Dont be afraid to ask questions!

Travel safe !!


----------



## Doxie-Doglover-Too (Jan 25, 2007)

*27RSDS Owners Unite!















*


----------



## clarkely (Sep 15, 2008)

Welcome!!!


----------



## MO7Bs (Apr 11, 2009)

K. Smith said:


> We just recently bought the 27RSDS from Paul Kilgore that was posted on the For Sale forum here. It was actually a long process due to me trying some online RV funding companies that didn't pass the smell test after the deals were approved. I ended up going with my credit union which (surprise) went smoothly and quickly and without the ridiculous fees.
> 
> The unit was very well kept and frankly pretty much looks new. We feel like we got a gift of a deal. Paul was absolutely fabulous to deal with and really went the extra mile for us.
> 
> ...


WELCOME!!

We just passed through ALMA on Friday on our way to Florida.

We are from Monett, MO. It is just a little NE of Bentonville.

There are tenative plans for a group of us to get together in Branson the first weekend in August, you are more than welcome if you have the time.

Paul


----------



## Cj45 (Jan 22, 2005)

Welcome to the group! 
Happy Camping,
Cheryl


----------



## wolfwood (Sep 19, 2005)




----------



## ARzark (Aug 9, 2005)

That's awesome, keeping the Outback in the family so to speak!
Enjoy!


----------



## OregonCampin (Mar 9, 2007)

Enjoy your new to you rig!


----------



## Camping Fan (Dec 18, 2005)

Welcome to Outbackers, and congrats on having excellent taste in floor plans!


----------



## Livin4weekenz (Aug 26, 2007)

Doxie-Doglover-Too said:


> *27RSDS Owners Unite!
> 
> 
> 
> ...


X2

Welcome


----------



## JerseyGirl86 (Mar 30, 2009)

Camping Fan said:


> Welcome to Outbackers, and congrats on having excellent taste in floor plans!

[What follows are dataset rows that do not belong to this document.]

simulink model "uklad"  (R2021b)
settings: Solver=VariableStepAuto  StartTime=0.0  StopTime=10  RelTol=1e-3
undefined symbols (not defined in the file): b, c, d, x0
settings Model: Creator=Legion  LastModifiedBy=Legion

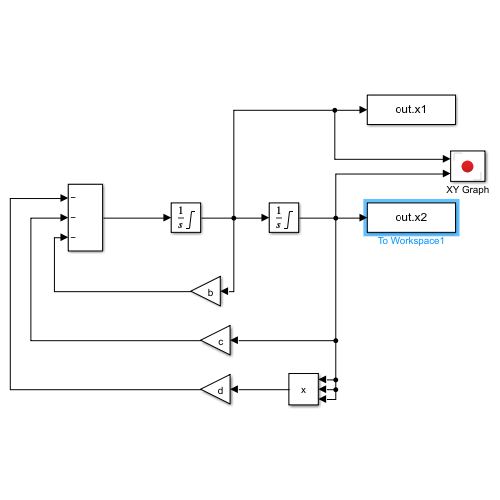
[thumbnail: Simulink's stored preview of the top-level diagram]
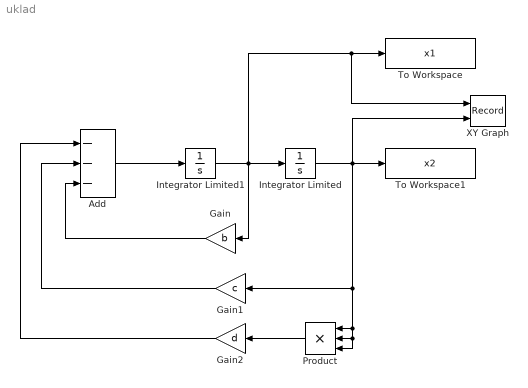
== system uklad ==
  Add : Sum  Inputs=---
  Gain : Gain  Gain=b
  Gain1 : Gain  Gain=c
  Gain2 : Gain  Gain=d
  Integrator Limited : Integrator  InitialCondition=x0(1)  LimitOutput=on  UpperSaturationLimit=2  LowerSaturationLimit=-2
  Integrator Limited1 : Integrator  InitialCondition=x0(2)  LimitOutput=on  UpperSaturationLimit=2  LowerSaturationLimit=-2
  Product : Product  Inputs=3
  To Workspace : ToWorkspace  VariableName=x1  SampleTime=-1
  To Workspace1 : ToWorkspace  VariableName=x2  SampleTime=-1
  XY Graph : Record  FileSettingsInternal="{\"entries\":[{\"content\":{\"excelSettings\":{\"content\":{},\"type\":\"Streamout.ExcelSettings\"}},\"type\":\"Streamout.FileSettingStorage\",\"uuid\":\"19108948-40a7-43bf-af90-d28d5dfe90f6\"}],\"packageUris\":[\"http://schema.mathworks.com/mf0/streamout_blocks/R2020a\"],\"version\":\"1.0\"}"  Layout=[1 1]  SignalsInternal="{\"entries\":[{\"content\":{\"signals\":[{\"content\":{\"blockPath\":[\"uklad/XY Graph\"],\"channel\":[],\"dimensions\":[1],\"domain\":\"uklad/XY Graph\",\"lineColor\":\"#a2142f\",\"plots\":[1],\"port\":1,\"sid\":[\"\"],\"signalID\":267,\"signalName\":\"Integrator\\nLimited1\"},\"type\":\"RecordBlkView.Signal\",\"uuid\":\"cd86a725-f064-4ede-a419-367942fe806c\"},{\"content\":{\"blockPath\":[\"uklad/XY Graph\"],\"channel\":[],\"dimensions\":[1],\"domain\":\"uklad/XY Graph\",\"lineColor\":\"#139fff\",\"plots\":[1],\"port\":2,\"sid\":[\"\"],\"signalID\":271,\"signalName\":\"Integrator\\nLimited\"},\"type\":\"RecordBlkView.Signal\",\"uuid\":\"cf94d3ce-4e13-4c9e-9180-dcae4a203538\"}]},\"type\":\"RecordBlkView.InputSignals\",\"uuid\":\"c29cc507-7b40-4165-89f6-e65ea39089ef\"}],\"packageUris\":[\"http://schema.mathworks.com/mf0/streamout_blocks/R2020a\"],\"version\":\"1.0\"}"  VisualizationBindings="{\"xyplotplugin\":{\"info\":[{\"series\":[{\"bindingParametersList\":[{\"parameter\":\"X-Axis\",\"signalID\":267,\"signalName\":\"Integrator\\nLimited1\"},{\"parameter\":\"Y-Axis\",\"signalID\":271,\"signalName\":\"Integrator\\nLimited\"}],\"seriesID\":50268}],\"subplotID\":1}]}}"  CompatibilityTag=XY
  wires:
  Add/1 -> Integrator Limited1/1
  Integrator Limited1/1 -> To Workspace/1, XY Graph/1, Gain/1, Integrator Limited/1
  Gain/1 -> Add/3
  Gain1/1 -> Add/2
  Gain2/1 -> Add/1
  Integrator Limited/1 -> To Workspace1/1, Product/3, Product/2, Product/1, Gain1/1, XY Graph/2
  Product/1 -> Gain2/1

AND having excellent taste in TTs! (for those of us with different floor plans) WELCOME!


----------



## MtnBikrTN (Mar 23, 2009)

Welcome, I've been to Alma a few times.


----------



## Collinsfam_WY (Nov 9, 2006)

Congrats on that new to you 27RSDS and welcome to Outbackers!

-CC


----------



## K. Smith (May 25, 2009)

MtnBikrTN said:


> Welcome, I've been to Alma a few times.


Was that "to" Alma or "through" Alma. It's pretty easy to pass through this place heading west or north to NWA. An old friend of mine visited me on a cross-country motorcycle trip and he couldn't get enough of the Popeye statue!

The 27RSDS really is a nice floor plan for families. We almost bought an Adirondack that was a "rear living" model. The rocker/recliners were nice as were the stainless steel appliances, and it was definitely roomy, but ultimately we would have had to fold down the couch every night for our 6yo daughter to sleep. With the Outback, she gets her own "bedroom" which she thinks is very cool.









Kevin


----------



## MtnBikrTN (Mar 23, 2009)

K. Smith said:


> Welcome, I've been to Alma a few times.


Was that "to" Alma or "through" Alma.[/quote] I've been *TO* Alma. Had to drive over from Tulsa a few times.


----------